# Task item
Everything in the data below is left aside except the lines from the one containing "Data Type Conversion13 : DataTypeConversion" through the one containing "Data Type Conversion12 : DataTypeConversion"; repeat those exactly.

── Dataset extract ──

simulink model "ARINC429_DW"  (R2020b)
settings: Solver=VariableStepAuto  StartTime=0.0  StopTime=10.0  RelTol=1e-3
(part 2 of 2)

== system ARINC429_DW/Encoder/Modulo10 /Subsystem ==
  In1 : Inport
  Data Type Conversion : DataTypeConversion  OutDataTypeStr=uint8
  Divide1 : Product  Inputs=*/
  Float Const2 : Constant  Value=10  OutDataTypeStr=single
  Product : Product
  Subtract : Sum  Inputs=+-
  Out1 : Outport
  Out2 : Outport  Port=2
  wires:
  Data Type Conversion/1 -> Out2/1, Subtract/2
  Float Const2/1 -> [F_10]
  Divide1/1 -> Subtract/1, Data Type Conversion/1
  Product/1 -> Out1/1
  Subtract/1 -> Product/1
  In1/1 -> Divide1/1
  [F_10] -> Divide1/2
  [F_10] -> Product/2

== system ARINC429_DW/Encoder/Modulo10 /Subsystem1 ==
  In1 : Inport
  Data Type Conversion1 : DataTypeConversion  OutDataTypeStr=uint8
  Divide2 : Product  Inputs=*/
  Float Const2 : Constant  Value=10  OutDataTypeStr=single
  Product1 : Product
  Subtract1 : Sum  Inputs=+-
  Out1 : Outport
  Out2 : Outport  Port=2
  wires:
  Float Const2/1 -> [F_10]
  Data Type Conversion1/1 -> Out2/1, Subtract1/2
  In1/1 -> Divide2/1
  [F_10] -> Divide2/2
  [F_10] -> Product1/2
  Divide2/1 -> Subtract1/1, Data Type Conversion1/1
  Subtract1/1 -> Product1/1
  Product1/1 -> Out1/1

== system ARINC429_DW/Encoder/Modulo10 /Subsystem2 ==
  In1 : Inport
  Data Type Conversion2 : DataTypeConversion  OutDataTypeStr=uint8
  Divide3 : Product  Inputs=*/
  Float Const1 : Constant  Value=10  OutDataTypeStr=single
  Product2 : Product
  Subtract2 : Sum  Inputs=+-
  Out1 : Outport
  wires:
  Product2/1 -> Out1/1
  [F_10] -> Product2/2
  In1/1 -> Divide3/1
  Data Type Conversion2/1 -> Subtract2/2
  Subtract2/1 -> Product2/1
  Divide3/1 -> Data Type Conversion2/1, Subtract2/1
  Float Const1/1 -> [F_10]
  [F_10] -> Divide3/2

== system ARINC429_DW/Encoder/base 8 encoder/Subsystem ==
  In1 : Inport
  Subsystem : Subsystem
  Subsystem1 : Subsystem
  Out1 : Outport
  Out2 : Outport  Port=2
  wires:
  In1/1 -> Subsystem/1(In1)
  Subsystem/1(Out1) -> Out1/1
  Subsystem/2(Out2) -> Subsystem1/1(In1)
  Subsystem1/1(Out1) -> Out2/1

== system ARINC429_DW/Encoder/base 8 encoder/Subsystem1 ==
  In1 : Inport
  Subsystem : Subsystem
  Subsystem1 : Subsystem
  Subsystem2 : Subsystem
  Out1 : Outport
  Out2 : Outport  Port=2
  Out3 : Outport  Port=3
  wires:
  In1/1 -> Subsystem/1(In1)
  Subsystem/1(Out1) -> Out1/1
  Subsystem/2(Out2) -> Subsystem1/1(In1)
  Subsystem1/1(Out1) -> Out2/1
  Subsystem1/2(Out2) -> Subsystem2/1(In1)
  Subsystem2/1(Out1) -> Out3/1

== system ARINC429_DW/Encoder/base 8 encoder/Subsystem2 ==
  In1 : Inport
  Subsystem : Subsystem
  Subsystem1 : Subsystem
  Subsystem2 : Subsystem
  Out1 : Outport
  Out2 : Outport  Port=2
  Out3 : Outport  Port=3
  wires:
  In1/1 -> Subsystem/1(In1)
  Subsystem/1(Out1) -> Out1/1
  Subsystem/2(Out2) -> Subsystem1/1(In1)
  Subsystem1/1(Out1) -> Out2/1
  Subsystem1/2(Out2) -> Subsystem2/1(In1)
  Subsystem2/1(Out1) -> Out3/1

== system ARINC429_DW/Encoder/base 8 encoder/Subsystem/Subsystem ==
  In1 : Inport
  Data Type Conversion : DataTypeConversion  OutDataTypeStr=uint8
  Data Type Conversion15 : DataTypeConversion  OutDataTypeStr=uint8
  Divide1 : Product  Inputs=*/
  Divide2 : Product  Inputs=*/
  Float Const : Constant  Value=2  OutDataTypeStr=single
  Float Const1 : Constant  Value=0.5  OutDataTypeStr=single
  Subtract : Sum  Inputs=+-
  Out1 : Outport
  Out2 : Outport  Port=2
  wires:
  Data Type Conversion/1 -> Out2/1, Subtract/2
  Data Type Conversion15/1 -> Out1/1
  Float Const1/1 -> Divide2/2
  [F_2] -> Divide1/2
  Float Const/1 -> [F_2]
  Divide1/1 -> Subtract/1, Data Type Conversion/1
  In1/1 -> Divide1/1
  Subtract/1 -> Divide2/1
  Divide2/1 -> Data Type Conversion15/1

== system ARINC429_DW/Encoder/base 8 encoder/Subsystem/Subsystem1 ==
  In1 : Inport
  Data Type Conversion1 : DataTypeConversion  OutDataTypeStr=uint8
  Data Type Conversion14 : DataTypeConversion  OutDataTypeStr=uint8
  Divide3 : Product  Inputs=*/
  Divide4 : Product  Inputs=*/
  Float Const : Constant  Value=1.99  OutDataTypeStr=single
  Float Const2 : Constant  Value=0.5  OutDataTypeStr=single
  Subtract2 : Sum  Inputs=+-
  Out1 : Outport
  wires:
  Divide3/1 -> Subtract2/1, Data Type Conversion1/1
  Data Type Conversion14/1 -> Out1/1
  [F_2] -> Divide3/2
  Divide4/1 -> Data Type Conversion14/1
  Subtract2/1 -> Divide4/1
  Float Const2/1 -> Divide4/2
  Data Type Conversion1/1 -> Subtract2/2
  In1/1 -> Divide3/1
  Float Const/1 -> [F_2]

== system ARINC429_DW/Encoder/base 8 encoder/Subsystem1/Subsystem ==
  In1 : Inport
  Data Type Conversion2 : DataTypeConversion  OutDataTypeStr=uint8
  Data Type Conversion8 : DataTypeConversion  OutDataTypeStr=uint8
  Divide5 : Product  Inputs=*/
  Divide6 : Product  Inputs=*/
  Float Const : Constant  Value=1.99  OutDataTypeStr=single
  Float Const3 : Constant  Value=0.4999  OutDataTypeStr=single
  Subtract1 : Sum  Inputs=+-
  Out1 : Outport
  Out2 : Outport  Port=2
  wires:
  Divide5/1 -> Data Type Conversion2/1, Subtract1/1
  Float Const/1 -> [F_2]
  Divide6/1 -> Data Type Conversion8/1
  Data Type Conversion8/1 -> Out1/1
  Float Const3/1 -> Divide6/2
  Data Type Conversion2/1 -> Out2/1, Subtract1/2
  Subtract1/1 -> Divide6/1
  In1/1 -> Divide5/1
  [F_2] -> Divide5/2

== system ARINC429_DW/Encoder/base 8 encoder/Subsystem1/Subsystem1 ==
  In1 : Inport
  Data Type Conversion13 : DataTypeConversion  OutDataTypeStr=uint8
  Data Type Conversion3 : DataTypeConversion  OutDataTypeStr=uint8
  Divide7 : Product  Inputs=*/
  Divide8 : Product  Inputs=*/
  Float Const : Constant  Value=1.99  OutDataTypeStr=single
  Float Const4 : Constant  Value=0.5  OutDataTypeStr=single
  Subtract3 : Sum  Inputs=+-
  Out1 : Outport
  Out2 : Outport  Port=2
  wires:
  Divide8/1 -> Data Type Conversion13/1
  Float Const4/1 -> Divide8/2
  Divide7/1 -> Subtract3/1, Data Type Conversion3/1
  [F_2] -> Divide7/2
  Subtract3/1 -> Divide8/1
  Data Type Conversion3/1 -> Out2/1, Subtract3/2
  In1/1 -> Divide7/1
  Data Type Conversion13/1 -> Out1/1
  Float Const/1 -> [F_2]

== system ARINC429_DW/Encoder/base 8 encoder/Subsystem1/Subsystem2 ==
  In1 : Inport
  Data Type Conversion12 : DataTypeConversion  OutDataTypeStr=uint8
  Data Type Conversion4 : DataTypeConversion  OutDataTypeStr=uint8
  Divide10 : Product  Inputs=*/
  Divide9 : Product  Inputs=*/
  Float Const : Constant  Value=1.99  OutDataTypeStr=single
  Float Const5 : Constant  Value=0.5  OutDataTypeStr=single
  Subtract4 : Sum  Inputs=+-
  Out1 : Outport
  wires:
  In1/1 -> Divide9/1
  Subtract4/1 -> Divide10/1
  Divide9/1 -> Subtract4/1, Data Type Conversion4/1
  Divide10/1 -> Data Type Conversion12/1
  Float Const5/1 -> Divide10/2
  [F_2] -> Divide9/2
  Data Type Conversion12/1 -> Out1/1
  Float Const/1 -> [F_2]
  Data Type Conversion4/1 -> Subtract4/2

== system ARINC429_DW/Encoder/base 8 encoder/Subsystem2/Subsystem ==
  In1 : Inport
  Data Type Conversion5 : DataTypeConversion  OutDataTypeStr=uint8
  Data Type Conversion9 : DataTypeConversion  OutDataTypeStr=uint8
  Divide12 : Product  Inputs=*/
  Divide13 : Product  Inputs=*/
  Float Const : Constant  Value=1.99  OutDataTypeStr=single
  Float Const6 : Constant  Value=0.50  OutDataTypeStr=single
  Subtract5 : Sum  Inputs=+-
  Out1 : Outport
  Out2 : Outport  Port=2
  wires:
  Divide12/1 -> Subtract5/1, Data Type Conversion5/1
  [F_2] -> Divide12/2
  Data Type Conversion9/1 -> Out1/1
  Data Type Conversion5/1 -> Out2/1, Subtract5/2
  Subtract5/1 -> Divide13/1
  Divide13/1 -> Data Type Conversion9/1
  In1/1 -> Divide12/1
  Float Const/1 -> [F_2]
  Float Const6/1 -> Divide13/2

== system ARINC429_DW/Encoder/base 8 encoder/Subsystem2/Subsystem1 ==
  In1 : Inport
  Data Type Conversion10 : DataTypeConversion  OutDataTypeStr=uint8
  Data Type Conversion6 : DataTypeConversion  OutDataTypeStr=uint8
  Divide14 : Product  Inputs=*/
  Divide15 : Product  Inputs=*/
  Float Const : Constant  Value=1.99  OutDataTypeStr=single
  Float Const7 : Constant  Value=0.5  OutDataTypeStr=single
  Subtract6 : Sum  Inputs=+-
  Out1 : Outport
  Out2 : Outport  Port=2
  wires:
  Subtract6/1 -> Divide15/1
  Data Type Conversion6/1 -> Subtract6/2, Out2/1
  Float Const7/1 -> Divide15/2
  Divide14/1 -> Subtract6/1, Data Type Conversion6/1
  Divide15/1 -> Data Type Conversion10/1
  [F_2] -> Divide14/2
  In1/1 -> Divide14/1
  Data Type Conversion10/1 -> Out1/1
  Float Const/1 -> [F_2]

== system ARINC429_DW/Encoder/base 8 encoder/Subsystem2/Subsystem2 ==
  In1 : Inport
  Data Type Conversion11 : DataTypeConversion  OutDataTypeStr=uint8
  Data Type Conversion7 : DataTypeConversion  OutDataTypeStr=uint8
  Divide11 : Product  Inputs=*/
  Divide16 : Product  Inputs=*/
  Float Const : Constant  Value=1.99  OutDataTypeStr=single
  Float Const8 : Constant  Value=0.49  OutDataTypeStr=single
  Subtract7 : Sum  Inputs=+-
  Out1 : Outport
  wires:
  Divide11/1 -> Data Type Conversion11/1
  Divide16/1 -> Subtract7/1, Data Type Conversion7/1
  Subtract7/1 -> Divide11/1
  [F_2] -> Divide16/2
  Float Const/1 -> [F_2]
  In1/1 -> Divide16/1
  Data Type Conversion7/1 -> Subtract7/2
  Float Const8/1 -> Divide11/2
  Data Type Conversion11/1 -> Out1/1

───

# Response below
  Data Type Conversion13 : DataTypeConversion  OutDataTypeStr=uint8
  Data Type Conversion3 : DataTypeConversion  OutDataTypeStr=uint8
  Divide7 : Product  Inputs=*/
  Divide8 : Product  Inputs=*/
  Float Const : Constant  Value=1.99  OutDataTypeStr=single
  Float Const4 : Constant  Value=0.5  OutDataTypeStr=single
  Subtract3 : Sum  Inputs=+-
  Out1 : Outport
  Out2 : Outport  Port=2
  wires:
  Divide8/1 -> Data Type Conversion13/1
  Float Const4/1 -> Divide8/2
  Divide7/1 -> Subtract3/1, Data Type Conversion3/1
  [F_2] -> Divide7/2
  Subtract3/1 -> Divide8/1
  Data Type Conversion3/1 -> Out2/1, Subtract3/2
  In1/1 -> Divide7/1
  Data Type Conversion13/1 -> Out1/1
  Float Const/1 -> [F_2]

== system ARINC429_DW/Encoder/base 8 encoder/Subsystem1/Subsystem2 ==
  In1 : Inport
  Data Type Conversion12 : DataTypeConversion  OutDataTypeStr=uint8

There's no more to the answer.